Read the data below line by line and copy each one with "centre" in it.
◇ ◇ ◇ ◇ ◇ ◇ ◇
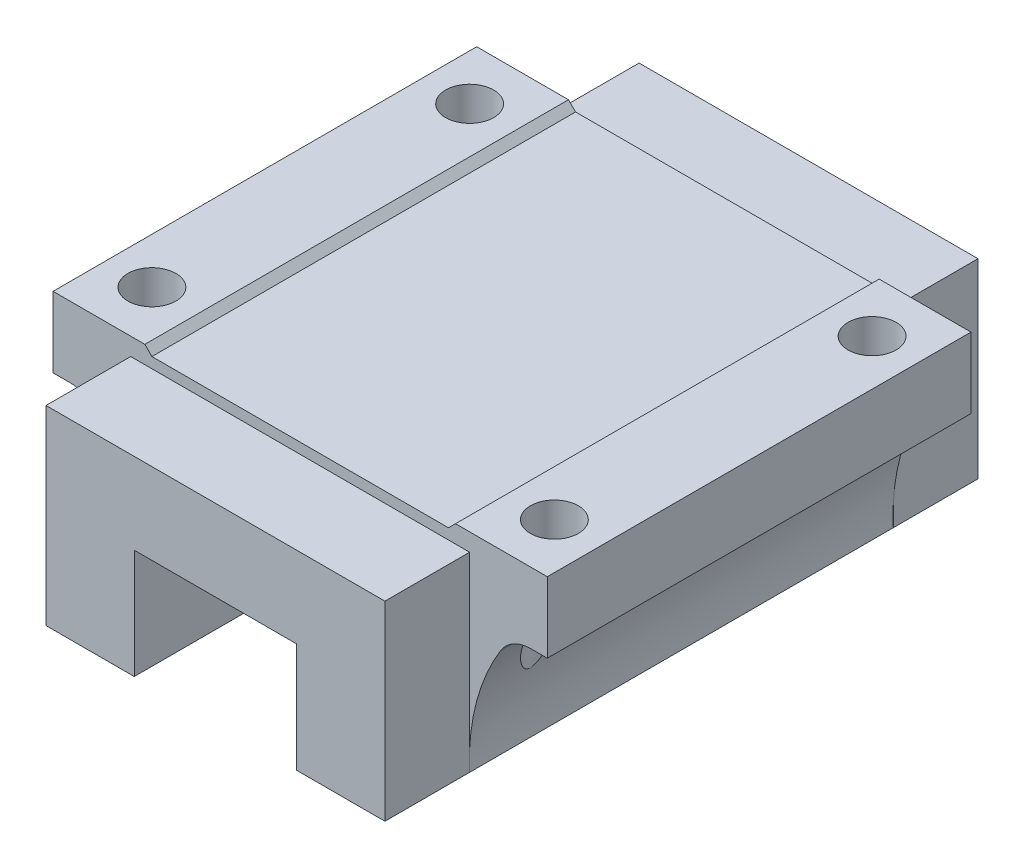
SolidWorks part; units mm, degrees
material "A3钢"
ref_plane "前视基准面" through (0, 0, 0) normal (0, 0, 1) x (1, 0, 0)
ref_plane "上视基准面" through (0, 0, 0) normal (0, 1, 0) x (1, 0, 0)
ref_plane "右视基准面" through (0, 0, 0) normal (1, 0, 0) x (0, 0, -1)
sketch "草图1" plane through (0, 0, 0) normal (0, 0, 1) x (1, 0, 0)
  line L0 (-21, 0) -> (21, 0)
  line L1 (-21, 0) -> (-22, 1)
  line L2 (-22, 1) -> (-35, 1)
  line L3 (-35, 1) -> (-35, -9)
  line L4 (-35, -9) -> (-32.6392, -9)
  line L6 (-24, -28.5) -> (-11.5, -28.5)
  line L7 (-11.5, -28.5) -> (-11.5, -13)
  line L8 (-11.5, -13) -> (11.5, -13)
  line L9 (0, 3.4321) -> (0, -8.0247) construction
  line L10 (11.5, -28.5) -> (11.5, -13)
  line L11 (24, -28.5) -> (11.5, -28.5)
  line L13 (35, -9) -> (32.6392, -9)
  line L14 (35, 1) -> (35, -9)
  line L15 (22, 1) -> (35, 1)
  line L16 (21, 0) -> (22, 1)
  arc A0 (-28.3741, -11.3906) -> (-24, -28.5) centre (-53.9648, -27.0469) cw
  arc A1 (28.3741, -11.3906) -> (24, -28.5) centre (53.9648, -27.0469) ccw
  arc A2 (32.6392, -9) -> (28.3741, -11.3906) centre (32.6392, -14) ccw
  arc A3 (-28.3741, -11.3906) -> (-32.6392, -9) centre (-32.6392, -14) ccw
  point P23 (30, -9)
  point P26 (-30, -9)
  dimension "D11" = 30
  dimension "D12" = 5
  dimension "D1" = 1
  dimension "D2" = 70
  dimension "D3" = 29.5
  dimension "D4" = 10
  dimension "D5" = 23
  dimension "D6" = 15.5
  dimension "D7" = 42
  dimension "D8" = 1
  dimension "D9" = 48
  dimension "D10" = 5
extrude "凸台-拉伸1" add sketch "草图1" along normal mid plane 60
hole_wizard "M8 螺纹孔1" positions "草图2" profile "草图3" tap size "M8" standard "GB" end condition through all
sketch "草图2" plane through (0, 1, 0) normal (0, 1, 0) x (1, 0, 0)
  line L0 (-42.4501, 0) -> (44.5002, 0) construction
  line L3 (0, 37.6865) -> (0, -38.5307) construction
  point P0 (-28.5, 22.5)
  point P15 (28.5, 22.5)
  point P16 (28.5, -22.5)
  point P17 (-28.5, -22.5)
  dimension "D1" = 45
  dimension "D2" = 57
sketch "草图3" plane through (-28.5, 1, -22.5) normal (1, 0, 0) x (0, 0, 1)
  line L0 (0, 0) -> (0, 29.5)
  line L1 (0, 29.5) -> (3.4, 29.5)
  line L2 (3.4, 29.5) -> (3.4, 0)
  line L5 (3.4, 0) -> (0, 0)
  line L11 (0, -6.35) -> (0, 107.95) construction
  dimension "通孔螺纹孔钻头直径" = 6.8
  dimension "通孔螺纹孔钻头深度" = 29.5
cosmetic thread "孔螺蚊线1" parameters "D2"=8
cosmetic thread "孔螺蚊线2" parameters "D2"=8
cosmetic thread "孔螺蚊线3" parameters "D2"=8
cosmetic thread "孔螺蚊线4" parameters "D2"=8
sketch "草图4" plane through (0, 0, 30) normal (0, 0, 1) x (1, 0, 0)
  line L0 (-11.5, -28.5) -> (-11.5, -13)
  line L1 (-11.5, -13) -> (11.5, -13)
  line L2 (11.5, -13) -> (11.5, -28.5)
  line L3 (11.5, -28.5) -> (24, -28.5)
  line L4 (24, -28.5) -> (24, -1.5)
  line L5 (24, -1.5) -> (-24, -1.5)
  line L6 (-24, -1.5) -> (-24, -28.5)
  line L7 (-24, -28.5) -> (-11.5, -28.5)
  dimension "D1" = 27
extrude "凸台-拉伸2" add sketch "草图4" along normal blind 12
mirror "镜向1" about plane through (0, 0, 0) normal (0, 0, 1) of "凸台-拉伸2"
◇ ◇ ◇ ◇ ◇ ◇ ◇
▶ **Exercise result**
  arc A0 (-28.3741, -11.3906) -> (-24, -28.5) centre (-53.9648, -27.0469) cw
  arc A1 (28.3741, -11.3906) -> (24, -28.5) centre (53.9648, -27.0469) ccw
  arc A2 (32.6392, -9) -> (28.3741, -11.3906) centre (32.6392, -14) ccw
  arc A3 (-28.3741, -11.3906) -> (-32.6392, -9) centre (-32.6392, -14) ccw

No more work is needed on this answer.